Planktonic marine microbial communities consist of a diverse collection of bacteria, archaea, viruses, protists (phytoplankton and protozoa) and small animals (metazoan). Collectively, these species are responsible for virtually all marine pelagic primary production where they form the basis of food webs and carry out a large fraction of respiratory processes. Microbial interactions include the traditional role of predation, but recent research recognizes the importance of parasitism, symbiosis and viral infection. Characterizing the response of pelagic microbial communities and processes to environmental influences is fundamental to understanding and modeling carbon flow and energy utilization in the ocean, but very few studies have attempted to study all of these assemblages in the same study. This project is comprised of long-term (monthly) and short-term (daily) sampling at the San Pedro Ocean Time-series (SPOT) site. Analysis of the resulting datasets investigates co-occurrence patterns of microbial taxa (e.g. protist-virus and protist-prokaryote interactions, both positive and negative) indicating which species consistently co-occur and potentially interact, followed by examination gene expression to help define the underlying mechanisms. This study augments 20 years of baseline studies of microbial abundance, diversity, rates at the site, and will enable detection of low-frequency changes in composition and potential ecological interactions among microbes, and their responses to changing environmental forcing factors. These responses have important consequences for higher trophic levels and ocean-atmosphere feedbacks. The broader impacts of this project include training graduate and undergraduate students, providing local high school student with summer lab experiences, and PI presentations at local K-12 schools, museums, aquaria and informal learning centers in the region. Additionally, the PIs advise at the local, county and state level regarding coastal marine water quality.

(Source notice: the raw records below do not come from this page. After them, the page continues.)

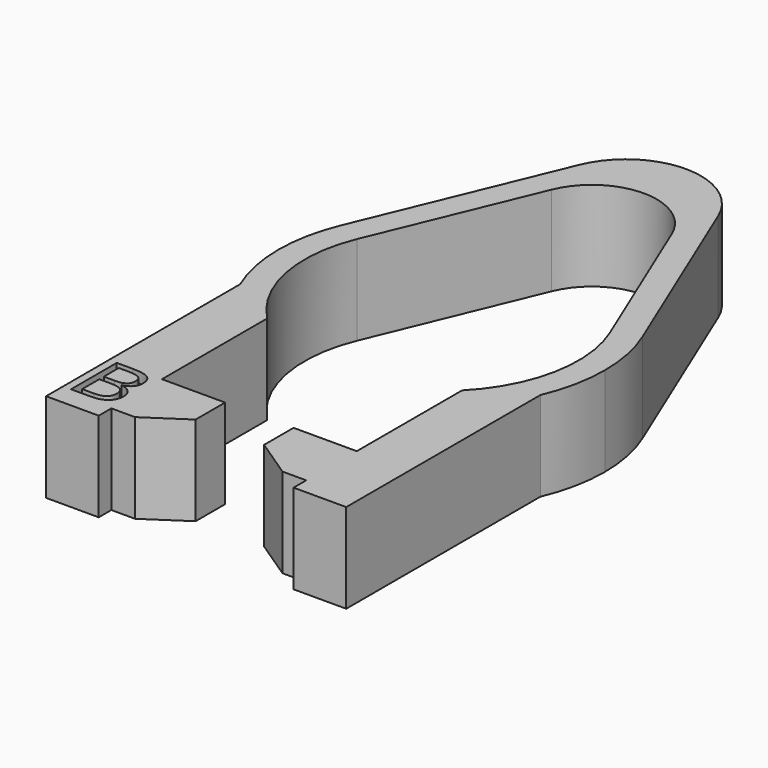
from build123d import *

# Parameters (mm, degrees)
F0_TEXT_SIZE = 7.602755999
F1_DEPTH     = 8.5
F2_DEPTH     = 1


# Not quite as in the source:
# - Text() gives the source's letters only with a copy of the font that has no kerning and outlines rounded to 1/6400 em; it was checked with that copy


with BuildPart() as f1:
    # F0 (on Top) → F1 (new body)
    with BuildSketch(Plane.XY):
        with BuildLine():
            ThreePointArc((-9.25, -9.1344129532), (-12.758649851, -2.493361983), (-12.0083127685, 4.9800024553))
            Line((-12.0083127685, 4.9800024553), (-5.6989333404, 20.1938506868))
            ThreePointArc((-5.6989333404, 20.1938506868), (0, 24), (5.6989333404, 20.1938506868))
            Line((5.6989333404, 20.1938506868), (12.0083127685, 4.9800024553))
            ThreePointArc((12.0083127685, 4.9800024553), (12.758649851, -2.493361983), (9.25, -9.1344129532))
            Line((9.25, -9.1344129532), (9.25, -12.4373429638))
            Line((9.25, -12.4373429638), (9.25, -21.6344129532))
            Line((9.25, -21.6344129532), (3.25, -21.6344129532))
            Line((3.25, -21.6344129532), (3.25, -22.6344129532))
            Line((3.25, -22.6344129532), (3.25, -25.1344129532))
            Line((3.25, -25.1344129532), (7, -27.6344129532))
            Line((7, -27.6344129532), (9.25, -27.6344129532))
            Line((9.25, -27.6344129532), (9.25, -29.1344129532))
            Line((9.25, -29.1344129532), (14.25, -29.1344129532))
            Line((14.25, -29.1344129532), (14.25, -22.6230966869))
            Line((14.25, -22.6230966869), (14.25, -6.0981554588))
            ThreePointArc((14.25, -6.0981554588), (15.1842846391, -3.1124748995), (15.5, 0))
            ThreePointArc((15.5, 0), (15.2015271786, 3.0271391507), (14.3176036855, 5.9376952352))
            Line((14.3176036855, 5.9376952352), (6.5742743873, 24.6092362465))
            ThreePointArc((6.5742743873, 24.6092362465), (0, 29), (-6.5742743873, 24.6092362465))
            Line((-6.5742743873, 24.6092362465), (-14.3176036855, 5.9376952352))
            ThreePointArc((-14.3176036855, 5.9376952352), (-15.2015271786, 3.0271391507), (-15.5, 0))
            ThreePointArc((-15.5, 0), (-15.1842846391, -3.1124748995), (-14.25, -6.0981554588))
            Line((-14.25, -6.0981554588), (-14.25, -22.6344129532))
            Line((-14.25, -22.6344129532), (-14.25, -29.1344129532))
            Line((-14.25, -29.1344129532), (-9.25, -29.1344129532))
            Line((-9.25, -29.1344129532), (-9.25, -27.6344129532))
            Line((-9.25, -27.6344129532), (-7, -27.6344129532))
            Line((-7, -27.6344129532), (-3.25, -25.1344129532))
            Line((-3.25, -25.1344129532), (-3.25, -22.6344129532))
            Line((-3.25, -22.6344129532), (-3.25, -21.6344129532))
            Line((-3.25, -21.6344129532), (-9.25, -21.6344129532))
            Line((-9.25, -21.6344129532), (-9.25, -12.4373429638))
            Line((-9.25, -12.4373429638), (-9.25, -9.1344129532))
        make_face()
        with BuildLine():
            Line((-13.5039795676, -27.1083972725), (-13.5039795676, -21.6807422476))
            Line((-13.5039795676, -21.6807422476), (-11.9703611309, -21.6807422476))
            add(Edge.make_bspline(
                [(-11.9703611309, -21.6807422476), (-10.8905321929, -21.6807422476), (-10.4076383939, -22.0038593776)],
                knots=[0, 0, 0, 1, 1, 1], degree=2))
            add(Edge.make_bspline(
                [(-10.4076383939, -22.0038593776), (-9.9247445949, -22.3269765075), (-9.9247445949, -23.0242917843)],
                knots=[0, 0, 0, 1, 1, 1], degree=2))
            add(Edge.make_bspline(
                [(-9.9247445949, -23.0242917843), (-9.9247445949, -23.5077795486), (-10.1938108814, -23.8213932336)],
                knots=[0, 0, 0, 1, 1, 1], degree=2))
            add(Edge.make_bspline(
                [(-10.1938108814, -23.8213932336), (-10.462877168, -24.1350069185), (-10.9796269898, -24.2276655073)],
                knots=[0, 0, 0, 1, 1, 1], degree=2))
            Line((-10.9796269898, -24.2276655073), (-10.9796269898, -24.2644913566))
            add(Edge.make_bspline(
                [(-10.9796269898, -24.2644913566), (-9.7429912093, -24.4759430079), (-9.7429912093, -25.5640874602)],
                knots=[0, 0, 0, 1, 1, 1], degree=2))
            add(Edge.make_bspline(
                [(-9.7429912093, -25.5640874602), (-9.7429912093, -26.2911010026), (-10.234794488, -26.6997491376)],
                knots=[0, 0, 0, 1, 1, 1], degree=2))
            add(Edge.make_bspline(
                [(-10.234794488, -26.6997491376), (-10.7265977667, -27.1083972725), (-11.6104181516, -27.1083972725)],
                knots=[0, 0, 0, 1, 1, 1], degree=2))
            Line((-11.6104181516, -27.1083972725), (-13.5039795676, -27.1083972725))
        make_face(mode=Mode.SUBTRACT)
        with Locations((-14.25, -27.1083972725)):
            Text('B', F0_TEXT_SIZE, font='Open Sans', text_align=(TextAlign.LEFT, TextAlign.BOTTOM))
        with BuildLine():
            Line((-11.7921715372, -24.538903331), (-12.8731884058, -24.538903331))
            Line((-12.8731884058, -24.538903331), (-12.8731884058, -26.5702646995))
            Line((-12.8731884058, -26.5702646995), (-11.7399025897, -26.5702646995))
            add(Edge.make_bspline(
                [(-11.7399025897, -26.5702646995), (-11.0829769541, -26.5702646995), (-10.7509503445, -26.3160475458)],
                knots=[0, 0, 0, 1, 1, 1], degree=2))
            add(Edge.make_bspline(
                [(-10.7509503445, -26.3160475458), (-10.4189237349, -26.061830392), (-10.4189237349, -25.5189460965)],
                knots=[0, 0, 0, 1, 1, 1], degree=2))
            add(Edge.make_bspline(
                [(-10.4189237349, -25.5189460965), (-10.4189237349, -25.0140755809), (-10.7586718936, -24.776489456)],
                knots=[0, 0, 0, 1, 1, 1], degree=2))
            add(Edge.make_bspline(
                [(-10.7586718936, -24.776489456), (-11.0984200523, -24.538903331), (-11.7921715372, -24.538903331)],
                knots=[0, 0, 0, 1, 1, 1], degree=2))
        make_face()
        with BuildLine():
            Line((-12.8731884058, -22.227190335), (-12.8731884058, -24.0043345498))
            Line((-12.8731884058, -24.0043345498), (-11.8337491091, -24.0043345498))
            add(Edge.make_bspline(
                [(-11.8337491091, -24.0043345498), (-11.1649441673, -24.0043345498), (-10.8715253029, -23.7946647945)],
                knots=[0, 0, 0, 1, 1, 1], degree=2))
            add(Edge.make_bspline(
                [(-10.8715253029, -23.7946647945), (-10.5781064386, -23.5849950392), (-10.5781064386, -23.088440038)],
                knots=[0, 0, 0, 1, 1, 1], degree=2))
            add(Edge.make_bspline(
                [(-10.5781064386, -23.088440038), (-10.5781064386, -22.6310867475), (-10.9047873604, -22.4291385412)],
                knots=[0, 0, 0, 1, 1, 1], degree=2))
            add(Edge.make_bspline(
                [(-10.9047873604, -22.4291385412), (-11.2314682823, -22.227190335), (-11.9442266572, -22.227190335)],
                knots=[0, 0, 0, 1, 1, 1], degree=2))
            Line((-11.9442266572, -22.227190335), (-12.8731884058, -22.227190335))
        make_face()
    extrude(amount=-F1_DEPTH)

    # F0 (on Top) → F2 (cut)
    with BuildSketch(Plane.XY):
        with Locations((-14.25, -27.1083972725)):
            Text('B', F0_TEXT_SIZE, font='Open Sans', text_align=(TextAlign.LEFT, TextAlign.BOTTOM))
    extrude(amount=-F2_DEPTH, mode=Mode.SUBTRACT)


solid = f1.part

This research project is unique in that it is a holistic study (including all microbes from viruses to small metazoa) of microbial species diversity and ecological activities, carried out at the SPOT site off the coast of southern California. In studying all microbes simultaneously, this work aims to identify important ecological interactions among microbial species, and identify the basis(es) for those interactions. This research involves (1) extensive analyses of prokaryote (archaean and bacterial) and eukaryote (protistan and micro-metazoan) diversity via the sequencing of marker genes, (2) studies of whole-community gene expression by eukaryotes and prokaryotes in order to identify key functional characteristics of microorganismal groups and the detection of active viral infections, and (3) metagenomic analysis of viruses and bacteria to aid interpretation of transcriptomic analyses using genome-encoded information. The project includes exploratory metatranscriptomic analysis of poorly-understood aphotic and hypoxic-zone protists, to examine their stratification, functions and hypothesized prokaryotic symbioses.